Les personnes qui perdent du poids grâce à des médicaments GLP-1 tels qu'Ozempic et Wegovy peuvent faire l'objet de jugements plus négatifs que celles qui perdent du poids par le biais d'un régime et de l'exercice — et même plus négatifs que les personnes qui ne perdent pas de poids du tout — selon une nouvelle étude menée par la psychologue Erin Standen de l'Université Rice.
Une nouvelle étude publiée dans l'International Journal of Obesity rapporte que les personnes qui perdent du poids en utilisant des médicaments GLP-1 — notamment des médicaments largement connus comme Ozempic et Wegovy — peuvent être confrontées à un jugement social plus sévère que les personnes qui perdent du poids par un régime et de l'exercice, ou même celles qui conservent un poids plus élevé.
La recherche a été menée par Erin C. Standen, professeure adjointe en sciences psychologiques à l'Université Rice, avec la collaboration de Sean M. Phelan de la Mayo Clinic et de A. Janet Tomiyama de l'Université de Californie à Los Angeles. Dans un communiqué de l'Université Rice diffusé par ScienceDaily, Standen a déclaré que l'équipe s'attendait à une certaine stigmatisation, mais qu'elle a été surprise par son ampleur.
Comment l'expérience a été menée
Dans le cadre de l'étude, les participants ont évalué une personne fictive décrite à travers différents scénarios d'historique de poids : un scénario dans lequel la personne perdait du poids en utilisant un médicament GLP-1, un autre dans lequel la personne perdait du poids par un régime et de l'exercice, et un troisième dans lequel la personne ne perdait pas de poids.
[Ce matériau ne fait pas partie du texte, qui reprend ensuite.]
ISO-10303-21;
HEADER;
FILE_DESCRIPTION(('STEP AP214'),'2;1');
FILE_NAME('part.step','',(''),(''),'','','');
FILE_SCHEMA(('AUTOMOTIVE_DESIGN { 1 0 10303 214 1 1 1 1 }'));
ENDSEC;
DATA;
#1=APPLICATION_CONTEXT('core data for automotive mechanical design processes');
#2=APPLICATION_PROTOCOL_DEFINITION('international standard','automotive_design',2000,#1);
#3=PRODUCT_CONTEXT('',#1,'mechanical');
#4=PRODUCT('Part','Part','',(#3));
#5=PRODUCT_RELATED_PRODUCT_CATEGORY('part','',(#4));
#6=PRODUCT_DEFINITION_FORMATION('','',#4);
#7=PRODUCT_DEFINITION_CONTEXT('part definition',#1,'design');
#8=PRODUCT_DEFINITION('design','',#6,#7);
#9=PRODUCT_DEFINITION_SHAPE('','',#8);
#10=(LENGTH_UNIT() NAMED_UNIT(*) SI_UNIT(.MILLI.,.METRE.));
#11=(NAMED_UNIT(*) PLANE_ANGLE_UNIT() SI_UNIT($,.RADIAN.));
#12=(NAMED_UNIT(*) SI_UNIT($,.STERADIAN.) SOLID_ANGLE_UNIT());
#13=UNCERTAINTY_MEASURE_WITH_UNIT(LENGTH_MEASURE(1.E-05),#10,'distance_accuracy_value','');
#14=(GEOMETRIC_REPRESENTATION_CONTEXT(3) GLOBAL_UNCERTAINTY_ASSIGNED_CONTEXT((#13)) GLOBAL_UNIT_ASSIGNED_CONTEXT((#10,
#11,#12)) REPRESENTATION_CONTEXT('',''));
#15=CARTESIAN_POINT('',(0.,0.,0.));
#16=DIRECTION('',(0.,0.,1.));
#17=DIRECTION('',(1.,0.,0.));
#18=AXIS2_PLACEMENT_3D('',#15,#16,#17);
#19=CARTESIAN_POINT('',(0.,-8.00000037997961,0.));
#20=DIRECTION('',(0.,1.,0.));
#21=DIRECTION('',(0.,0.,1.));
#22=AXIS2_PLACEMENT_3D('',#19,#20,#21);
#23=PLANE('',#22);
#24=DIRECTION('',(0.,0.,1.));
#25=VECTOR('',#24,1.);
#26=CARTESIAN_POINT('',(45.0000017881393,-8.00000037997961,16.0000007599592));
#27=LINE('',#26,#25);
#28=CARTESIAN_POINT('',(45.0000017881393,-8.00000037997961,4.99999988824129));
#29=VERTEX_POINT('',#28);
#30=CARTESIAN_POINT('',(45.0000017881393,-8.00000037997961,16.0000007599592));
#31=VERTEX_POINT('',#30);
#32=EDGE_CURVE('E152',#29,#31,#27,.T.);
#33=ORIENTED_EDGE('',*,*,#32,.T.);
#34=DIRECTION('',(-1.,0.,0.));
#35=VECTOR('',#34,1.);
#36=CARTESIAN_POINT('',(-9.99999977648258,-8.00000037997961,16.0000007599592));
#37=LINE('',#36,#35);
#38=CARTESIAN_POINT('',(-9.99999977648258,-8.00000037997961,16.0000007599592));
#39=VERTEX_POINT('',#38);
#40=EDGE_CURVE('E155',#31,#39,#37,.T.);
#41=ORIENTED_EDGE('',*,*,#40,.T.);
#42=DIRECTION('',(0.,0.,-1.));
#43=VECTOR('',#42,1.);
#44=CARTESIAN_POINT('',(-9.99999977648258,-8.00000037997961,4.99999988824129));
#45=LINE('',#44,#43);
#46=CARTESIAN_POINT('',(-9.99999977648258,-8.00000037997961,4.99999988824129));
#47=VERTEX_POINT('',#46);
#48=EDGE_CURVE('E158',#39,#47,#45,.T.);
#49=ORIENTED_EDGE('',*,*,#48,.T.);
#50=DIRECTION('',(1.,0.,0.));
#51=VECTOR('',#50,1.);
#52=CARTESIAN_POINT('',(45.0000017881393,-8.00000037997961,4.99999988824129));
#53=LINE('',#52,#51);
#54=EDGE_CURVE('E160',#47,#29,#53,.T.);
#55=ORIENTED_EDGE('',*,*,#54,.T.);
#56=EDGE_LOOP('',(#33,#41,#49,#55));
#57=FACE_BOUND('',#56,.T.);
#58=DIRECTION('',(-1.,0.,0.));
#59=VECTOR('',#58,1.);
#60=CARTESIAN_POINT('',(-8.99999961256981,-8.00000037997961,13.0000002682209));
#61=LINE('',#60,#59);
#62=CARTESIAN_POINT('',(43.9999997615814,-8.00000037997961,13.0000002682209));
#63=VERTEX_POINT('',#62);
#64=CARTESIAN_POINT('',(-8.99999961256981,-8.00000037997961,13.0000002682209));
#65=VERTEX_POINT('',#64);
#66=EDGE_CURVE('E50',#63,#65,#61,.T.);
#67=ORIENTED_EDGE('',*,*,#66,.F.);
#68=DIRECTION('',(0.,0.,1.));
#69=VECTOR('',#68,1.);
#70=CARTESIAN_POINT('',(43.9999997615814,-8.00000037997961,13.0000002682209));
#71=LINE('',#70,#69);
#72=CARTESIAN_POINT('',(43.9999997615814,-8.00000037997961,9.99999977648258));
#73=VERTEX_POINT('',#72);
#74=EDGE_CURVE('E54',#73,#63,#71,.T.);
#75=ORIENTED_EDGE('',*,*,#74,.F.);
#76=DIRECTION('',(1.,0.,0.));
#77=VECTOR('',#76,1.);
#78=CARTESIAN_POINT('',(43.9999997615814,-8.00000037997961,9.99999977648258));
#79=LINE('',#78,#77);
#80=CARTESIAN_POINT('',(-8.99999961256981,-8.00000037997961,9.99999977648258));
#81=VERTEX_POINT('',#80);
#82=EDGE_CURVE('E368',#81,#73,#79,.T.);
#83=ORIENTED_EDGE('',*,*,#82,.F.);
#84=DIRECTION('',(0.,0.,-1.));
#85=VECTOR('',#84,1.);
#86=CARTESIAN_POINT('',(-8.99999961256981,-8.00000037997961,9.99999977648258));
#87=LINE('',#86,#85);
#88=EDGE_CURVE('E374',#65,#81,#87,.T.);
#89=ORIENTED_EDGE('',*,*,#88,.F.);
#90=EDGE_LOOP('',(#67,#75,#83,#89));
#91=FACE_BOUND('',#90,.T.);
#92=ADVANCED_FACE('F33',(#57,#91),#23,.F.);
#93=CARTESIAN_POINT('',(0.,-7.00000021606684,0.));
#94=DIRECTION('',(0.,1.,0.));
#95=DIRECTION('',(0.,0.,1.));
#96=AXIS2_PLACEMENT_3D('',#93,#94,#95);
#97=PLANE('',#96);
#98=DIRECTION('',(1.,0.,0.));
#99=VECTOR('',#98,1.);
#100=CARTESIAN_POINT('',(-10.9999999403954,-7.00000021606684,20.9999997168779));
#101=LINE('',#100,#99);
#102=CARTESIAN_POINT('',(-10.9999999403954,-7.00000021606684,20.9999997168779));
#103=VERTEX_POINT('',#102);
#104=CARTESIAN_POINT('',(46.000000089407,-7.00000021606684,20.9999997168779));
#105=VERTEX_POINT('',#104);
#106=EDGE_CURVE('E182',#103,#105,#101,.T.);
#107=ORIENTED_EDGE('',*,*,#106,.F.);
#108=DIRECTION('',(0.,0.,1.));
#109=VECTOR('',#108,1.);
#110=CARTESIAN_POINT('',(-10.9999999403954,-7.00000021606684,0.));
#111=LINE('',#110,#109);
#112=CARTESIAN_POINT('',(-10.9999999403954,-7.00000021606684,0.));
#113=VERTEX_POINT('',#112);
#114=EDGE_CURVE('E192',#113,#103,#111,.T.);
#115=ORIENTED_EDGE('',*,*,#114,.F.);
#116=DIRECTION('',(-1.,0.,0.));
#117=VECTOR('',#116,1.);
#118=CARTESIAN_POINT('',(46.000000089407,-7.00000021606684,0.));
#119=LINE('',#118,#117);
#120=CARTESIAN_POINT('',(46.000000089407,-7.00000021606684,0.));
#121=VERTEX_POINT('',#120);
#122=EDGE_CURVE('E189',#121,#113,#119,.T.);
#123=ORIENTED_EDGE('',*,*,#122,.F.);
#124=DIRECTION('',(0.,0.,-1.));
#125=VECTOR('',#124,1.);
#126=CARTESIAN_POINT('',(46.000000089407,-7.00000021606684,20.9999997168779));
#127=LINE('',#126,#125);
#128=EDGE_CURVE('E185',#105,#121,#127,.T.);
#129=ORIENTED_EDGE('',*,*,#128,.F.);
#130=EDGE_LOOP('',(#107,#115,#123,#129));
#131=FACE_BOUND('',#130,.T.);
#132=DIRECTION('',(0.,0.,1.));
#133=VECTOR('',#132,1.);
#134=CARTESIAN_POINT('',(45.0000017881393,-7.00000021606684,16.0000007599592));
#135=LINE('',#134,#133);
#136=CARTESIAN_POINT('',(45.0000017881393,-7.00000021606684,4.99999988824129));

Dans tous les scénarios, les participants ont évalué l'utilisateur de GLP-1 plus négativement que la personne ayant perdu du poids par un régime et de l'exercice. L'utilisateur de GLP-1 a également été évalué plus négativement que la personne n'ayant pas perdu de poids — une découverte que Standen a qualifiée de « pénalité sociale » pour la méthode de perte de poids choisie.
La reprise de poids a suscité des critiques supplémentaires
L'étude a également examiné ce qui se passe lorsque le poids est repris après l'arrêt du traitement — une situation que les chercheurs notent comme pouvant survenir lorsque les personnes interrompent les médicaments GLP-1 en raison de leur coût, des limites de l'assurance ou des effets secondaires.
Les participants ont jugé la reprise de poids plus négativement que le maintien de la perte de poids, et cette pénalité est apparue indépendamment du fait que la perte de poids initiale provenait d'un traitement médicamenteux ou de changements de mode de vie.
Pourquoi c'est important
Standen et ses coauteurs ont souligné des preuves plus larges selon lesquelles la stigmatisation liée au poids est associée à des conséquences néfastes, notamment le stress, l'évitement des soins médicaux et des stratégies d'adaptation malsaines. Standen a déclaré que le fait de se sentir jugé pour des choix liés à la santé peut influencer la volonté des individus à rechercher des soins et la manière dont ils discutent ouvertement de leur poids et de leur traitement avec les cliniciens.
Alors que les médicaments GLP-1 sont de plus en plus discutés et utilisés, les chercheurs ont déclaré que les résultats mettent en évidence la nécessité de reconsidérer les récits culturels qui présentent la perte de poids assistée par des médicaments comme une « solution de facilité », et de réduire le jugement entourant à la fois la morphologie corporelle et les chemins que les gens empruntent pour gérer leur poids.